■ **The problem**
Omitting the pictures, output all of the records precisely as written.
-------- Data in this exercise
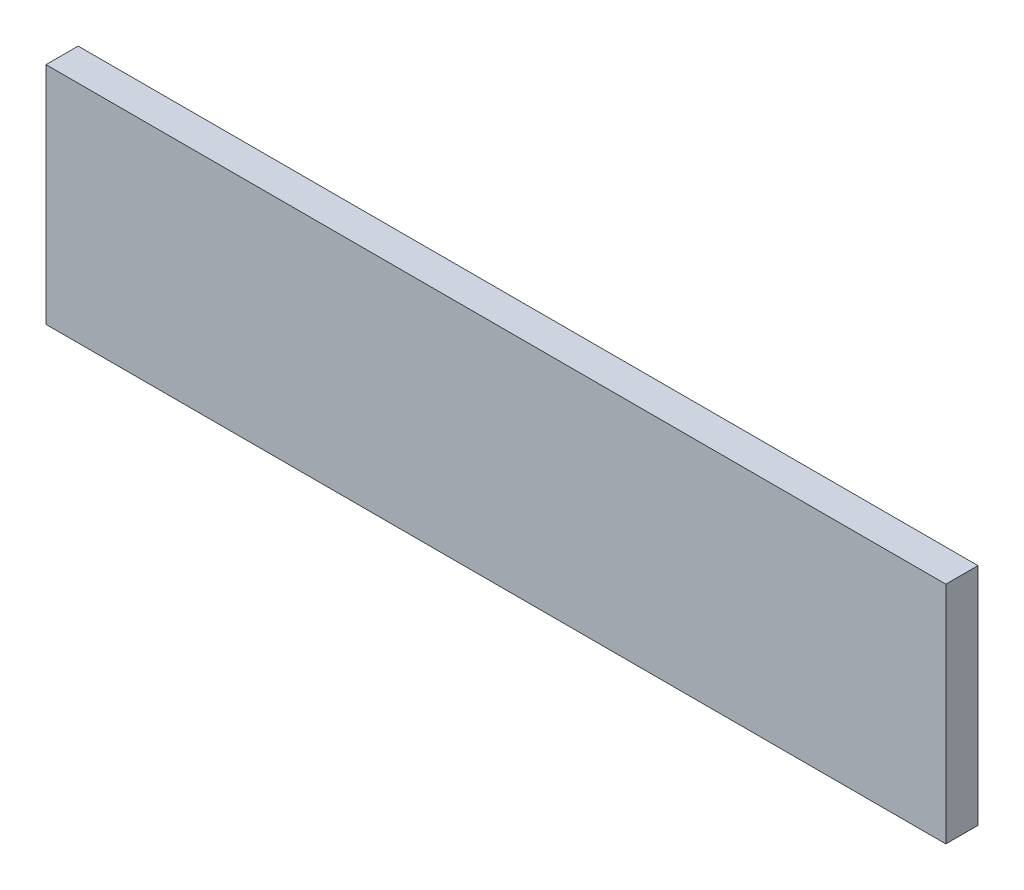
from build123d import *

# Parameters (mm, degrees)
SKETCH1_W           = 280
SKETCH1_H           = 70
BOSS_EXTRUDE1_DEPTH = 10


with BuildPart() as part:
    # Sketch1 → Boss-Extrude1 (new body)
    with BuildSketch(Plane.XY):
        Rectangle(SKETCH1_W, SKETCH1_H)
    extrude(amount=BOSS_EXTRUDE1_DEPTH)


solid = part.part
----------------
■ **Response below**
from build123d import *

# Parameters (mm, degrees)
SKETCH1_W           = 280
SKETCH1_H           = 70
BOSS_EXTRUDE1_DEPTH = 10


with BuildPart() as part:
    # Sketch1 → Boss-Extrude1 (new body)
    with BuildSketch(Plane.XY):
        Rectangle(SKETCH1_W, SKETCH1_H)
    extrude(amount=BOSS_EXTRUDE1_DEPTH)


solid = part.part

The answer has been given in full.